**TASK INSTRUCTIONS**
From the listing below, copy only the lines from the line that contains "14.5186072034), (-7.849759659, 14.2853517036))" to the line that contains "12.8874028124), (-10.3683768216, 12.5772318928))", counting those two lines as part of the copy.

**SUPPLIED ENTRIES**

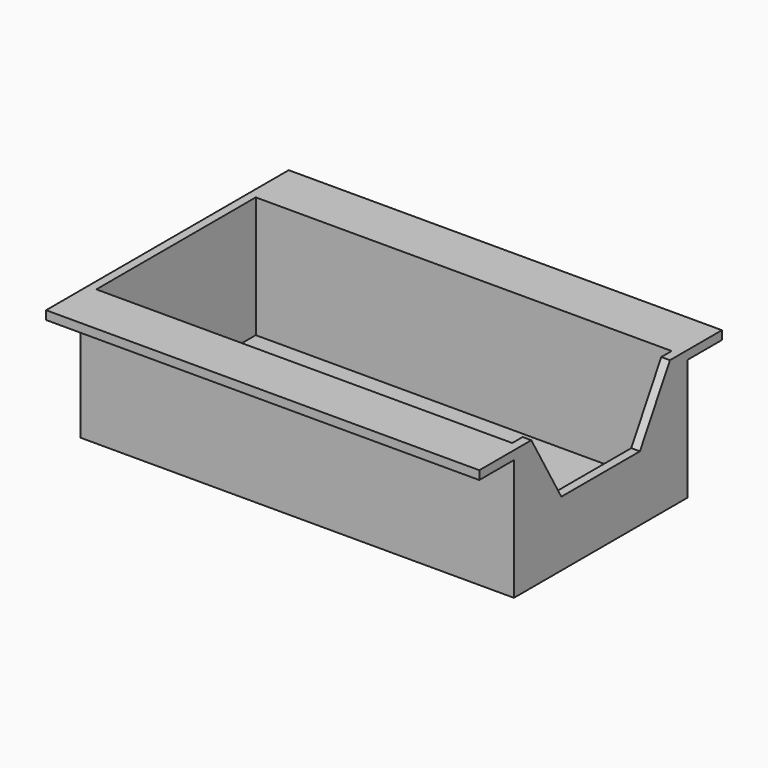
from build123d import *

# Parameters (mm, degrees)
F0_W     = 100
F0_H     = 50
F1_DEPTH = 30
F2_T     = -2
F3_W     = 100
F3_H     = 2
F4_DEPTH = 10
F7_DEPTH = 2


# Not quite as in the source:
# - a pattern or mirror of a feature is missing from the dataset's text; its kind, count and spacing are read off the source's solid


with BuildPart() as f1:
    # F0 (on Top) → F1 (new body)
    with BuildSketch(Plane.XY):
        Rectangle(F0_W, F0_H)
    extrude(amount=F1_DEPTH)

    # F2
    f2_openings = [f1.faces().sort_by_distance(p)[0] for p in [
        (0, 0, 30),
    ]]
    offset(amount=F2_T, openings=f2_openings)

    # F3 (on face) → F4 (join)
    with BuildSketch(Plane(origin=(0, 25, 0), x_dir=(-1, 0, 0), z_dir=(0, 1, 0))):
        with Locations((0, 29)):
            Rectangle(F3_W, F3_H)
    f4 = extrude(amount=F4_DEPTH)

    # F4_copies: F4 across plane
    add(f4.mirror(Plane(origin=(0, 0, 0), x_dir=(0, 0, -1), z_dir=(0, -1, 0))))

    # F6 (on face) → F7 (cut, through all)
    with BuildSketch(Plane.YZ.offset(50)):
        Polygon((11.3397459622, 15), (20, 30), (-20, 30), (-11.3397459622, 15), align=None)
    extrude(amount=-F7_DEPTH, mode=Mode.SUBTRACT)


solid = f1.part
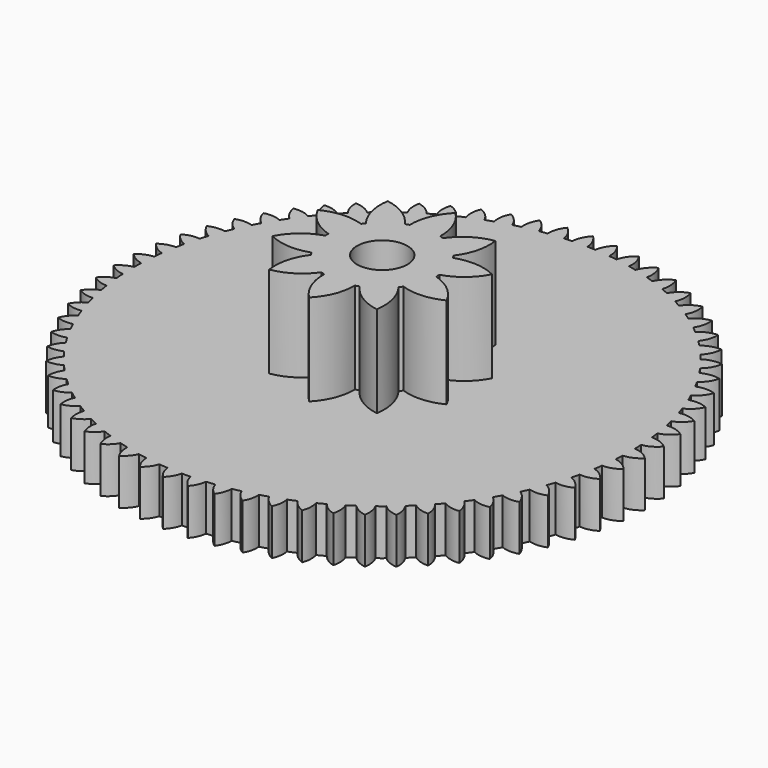
from build123d import *

# Parameters (mm, degrees)
F0_R     = 1.65
F1_DEPTH = 3
F2_R     = 1.65
F3_DEPTH = 6


# Not quite as in the source:
# - ends of sketch curves that miss each other by under 0.0002 mm in the source are joined


with BuildPart() as f1:
    # F0 (on Top) → F1 (new body)
    with BuildSketch(Plane.XY):
        with BuildLine():
            ThreePointArc((9.0030000822, 13.5880826286), (9.1966564399, 14.1755106046), (9.1611494678, 14.7930166101))
            ThreePointArc((9.1611494678, 14.7930166101), (8.5914009501, 14.5506518569), (8.1505703153, 14.1158847946))
            ThreePointArc((8.1505703153, 14.1158847946), (8.5808442549, 13.8585393124), (9.0030000822, 13.5880826286))
        make_face()
        with BuildLine():
            ThreePointArc((9.4289446926, 13.2960521202), (9.217129027, 13.4437544049), (9.0030000822, 13.5880826286))
            ThreePointArc((9.0030000822, 13.5880826286), (8.5808442549, 13.8585393124), (8.1505703153, 14.1158847946))
            ThreePointArc((8.1505703153, 14.1158847946), (7.9259223043, 14.2432354339), (7.6992849845, 14.3670111967))
            ThreePointArc((7.6992849845, 14.3670111967), (7.2538096086, 14.5969944222), (6.8014721873, 14.8131690089))
            ThreePointArc((6.8014721873, 14.8131690089), (6.5658701311, 14.9190934517), (6.3286190498, 15.021270949))
            ThreePointArc((6.3286190498, 15.021270949), (5.8637320087, 15.2087687513), (5.3932993637, 15.3818829138))
            ThreePointArc((5.3932993637, 15.3818829138), (5.1487014639, 15.4654735859), (4.9028087723, 15.5451750116))
            ThreePointArc((4.9028087723, 15.5451750116), (4.4225920082, 15.6885525122), (3.9381944266, 15.8170991227))
            ThreePointArc((3.9381944266, 15.8170991227), (3.6866298432, 15.8776182219), (3.4341363204, 15.9341365544))
            ThreePointArc((3.4341363204, 15.9341365544), (2.9428106044, 16.0321510019), (2.4487046995, 16.1150192459))
            ThreePointArc((2.4487046995, 16.1150192459), (2.1922594094, 16.1519038717), (1.9352602606, 16.1847078356))
            ThreePointArc((1.9352602606, 16.1847078356), (1.4371485303, 16.2365206895), (0.9376801939, 16.2730069703))
            ThreePointArc((0.9376801939, 16.2730069703), (0.6784826729, 16.285873058), (0.4191131655, 16.294610893))
            ThreePointArc((0.4191131655, 16.294610893), (-0.0813974371, 16.2997967612), (-0.5818312843, 16.2896124066))
            ThreePointArc((-0.5818312843, 16.2896124066), (-0.8416244022, 16.2782575347), (-1.1012033162, 16.2627596445))
            ThreePointArc((-1.1012033162, 16.2627596445), (-1.5997005284, 16.2213118526), (-2.0966911996, 16.1645874062))
            ThreePointArc((-2.0966911996, 16.1645874062), (-2.3549093713, 16.1289925864), (-2.6125253335, 16.0892731776))
            ThreePointArc((-2.6125253335, 16.0892731776), (-3.1046117426, 16.0016057297), (-3.5937788116, 15.898891592))
            ThreePointArc((-3.5937788116, 15.898891592), (-3.8482516748, 15.8392221731), (-4.1017350369, 15.7754800145))
            ThreePointArc((-4.1017350369, 15.7754800145), (-4.5830686305, 15.6424257047), (-5.0601004033, 15.4946888936))
            ThreePointArc((-5.0601004033, 15.4946888936), (-5.3086716945, 15.4112947165), (-5.5558694671, 15.3239131577))
            ThreePointArc((-5.5558694671, 15.3239131577), (-6.0222043805, 15.1467176114), (-6.4828984155, 14.9553344374))
            ThreePointArc((-6.4828984155, 14.9553344374), (-6.7234397626, 14.8487493668), (-6.9622294443, 14.7382957347))
            ThreePointArc((-6.9622294443, 14.7382957347), (-7.4094564492, 14.5186072034), (-7.849759659, 14.2853517036))
            ThreePointArc((-7.849759659, 14.2853517036), (-8.0801843427, 14.1562926286), (-8.30848773, 14.0235170924))
            ThreePointArc((-8.30848773, 14.0235170924), (-8.7326739373, 13.7633718944), (-9.1487217401, 13.4903999393))
            ThreePointArc((-9.1487217401, 13.4903999393), (-9.3669985632, 13.3397652872), (-9.58279568, 13.1855992263))
            ThreePointArc((-9.58279568, 13.1855992263), (-9.9802228808, 12.8874028124), (-10.3683768216, 12.5772318928))
            ThreePointArc((-10.3683768216, 12.5772318928), (-10.5725442468, 12.4060996349), (-10.7738875549, 12.2316534841))
            ThreePointArc((-10.7738875549, 12.2316534841), (-11.1410885881, 11.8981572133), (-11.4979718234, 11.553642021))
            ThreePointArc((-11.4979718234, 11.553642021), (-11.6861525459, 11.3632670774), (-11.8711816007, 11.1698275459))
            ThreePointArc((-11.8711816007, 11.1698275459), (-12.2049741298, 10.8041013736), (-12.5275041682, 10.4284054062))
            ThreePointArc((-12.5275041682, 10.4284054062), (-12.6979202699, 10.2202162805), (-12.8648769609, 10.0092427676))
            ThreePointArc((-12.8648769609, 10.0092427676), (-13.1623940629, 9.6146441709), (-13.4478121818, 9.2112077125))
            ThreePointArc((-13.4478121818, 9.2112077125), (-13.5988009688, 8.9868021127), (-13.7460454412, 8.7599220731))
            ThreePointArc((-13.7460454412, 8.7599220731), (-14.0047624615, 8.3400616543), (-14.2506592775, 7.9125665972))
            ThreePointArc((-14.2506592775, 7.9125665972), (-14.3806898368, 7.6737057422), (-14.5067171174, 7.4327086904))
            ThreePointArc((-14.5067171174, 7.4327086904), (-14.7244743242, 6.99141301), (-14.9288110791, 6.543745087))
            ThreePointArc((-14.9288110791, 6.543745087), (-15.0365015014, 6.2923463509), (-15.1399587627, 6.0391761578))
            ThreePointArc((-15.1399587627, 6.0391761578), (-15.3149794404, 5.5804484355), (-15.4761046744, 5.116657513))
            ThreePointArc((-15.4761046744, 5.116657513), (-15.5602397855, 4.8547850434), (-15.6399440785, 4.5915301613))
            ThreePointArc((-15.6399440785, 4.5915301613), (-15.770847824, 4.1195095475), (-15.8875092367, 3.6437686881))
            ThreePointArc((-15.8875092367, 3.6437686881), (-15.9470585693, 3.3736216428), (-16.002014739, 3.1025029077))
            ThreePointArc((-16.002014739, 3.1025029077), (-16.0878258672, 2.6214230612), (-16.1591773062, 2.1379870876))
            ThreePointArc((-16.1591773062, 2.1379870876), (-16.1933129281, 1.8618851773), (-16.2227313155, 1.5852408858))
            ThreePointArc((-16.2227313155, 1.5852408858), (-16.2628824235, 1.0993885941), (-16.2884860859, 0.6125528792))
            ThreePointArc((-16.2884860859, 0.6125528792), (-16.2965997973, 0.332918977), (-16.299913225, 0.053187011))
            ThreePointArc((-16.299913225, 0.053187011), (-16.294244109, -0.4331384488), (-16.2740681794, -0.9190782843))
            ThreePointArc((-16.2740681794, -0.9190782843), (-16.2557875013, -1.1997386011), (-16.2326669563, -1.4800417175))
            ThreePointArc((-16.2326669563, -1.4800417175), (-16.1814192039, -1.9625678452), (-16.1158312757, -2.4433547209))
            ThreePointArc((-16.1158312757, -2.4433547209), (-16.0710335889, -2.7224767002), (-16.0214019554, -3.0007797959))
            ThreePointArc((-16.0214019554, -3.0007797959), (-15.9252096446, -3.4752982285), (-15.8149663764, -3.9467503738))
            ThreePointArc((-15.8149663764, -3.9467503738), (-15.7437905398, -4.2217365432), (-15.6678337086, -4.4954406771))
            ThreePointArc((-15.6678337086, -4.4954406771), (-15.5277107264, -4.9578422318), (-15.3739442553, -5.4158875575))
            ThreePointArc((-15.3739442553, -5.4158875575), (-15.276799039, -5.6841367966), (-15.1749737341, -5.9506446852))
            ThreePointArc((-15.1749737341, -5.9506446852), (-14.9922982747, -6.3969518086), (-14.7964999486, -6.8376596341))
            ThreePointArc((-14.7964999486, -6.8376596341), (-14.6740686653, -7.0965983968), (-14.5471063814, -7.3533459001))
            ThreePointArc((-14.5471063814, -7.3533459001), (-14.3236031916, -7.7797423872), (-14.0876051855, -8.1993524218))
            ThreePointArc((-14.0876051855, -8.1993524218), (-13.9408459922, -8.4464674878), (-13.7897525324, -8.6909565121))
            ThreePointArc((-13.7897525324, -8.6909565121), (-13.5274734488, -9.0938144962), (-13.2534287945, -9.4887631011))
            ThreePointArc((-13.2534287945, -9.4887631011), (-13.0835702639, -9.7216351068), (-12.9096204994, -9.9514671563))
            ThreePointArc((-12.9096204994, -9.9514671563), (-12.6109237593, -10.3273714922), (-12.3012852517, -10.6943153664))
            ThreePointArc((-12.3012852517, -10.6943153664), (-12.1098169722, -10.9106522674), (-11.9145446105, -11.1235617823))
            ThreePointArc((-11.9145446105, -11.1235617823), (-11.582073327, -11.4693320401), (-11.2395716767, -11.8051695678))
            ThreePointArc((-11.2395716767, -11.8051695678), (-11.0282298241, -12.0028391203), (-10.8134121581, -12.1967256876))
            ThreePointArc((-10.8134121581, -12.1967256876), (-10.4500722423, -12.5094360437), (-10.0776937294, -12.811326594))
            ThreePointArc((-10.0776937294, -12.811326594), (-9.8484417487, -12.988386933), (-9.6160795585, -13.161345445))
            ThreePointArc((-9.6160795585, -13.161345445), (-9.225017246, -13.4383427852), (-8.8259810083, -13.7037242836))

**SOLUTION**
            ThreePointArc((-6.9622294443, 14.7382957347), (-7.4094564492, 14.5186072034), (-7.849759659, 14.2853517036))
            ThreePointArc((-7.849759659, 14.2853517036), (-8.0801843427, 14.1562926286), (-8.30848773, 14.0235170924))
            ThreePointArc((-8.30848773, 14.0235170924), (-8.7326739373, 13.7633718944), (-9.1487217401, 13.4903999393))
            ThreePointArc((-9.1487217401, 13.4903999393), (-9.3669985632, 13.3397652872), (-9.58279568, 13.1855992263))
            ThreePointArc((-9.58279568, 13.1855992263), (-9.9802228808, 12.8874028124), (-10.3683768216, 12.5772318928))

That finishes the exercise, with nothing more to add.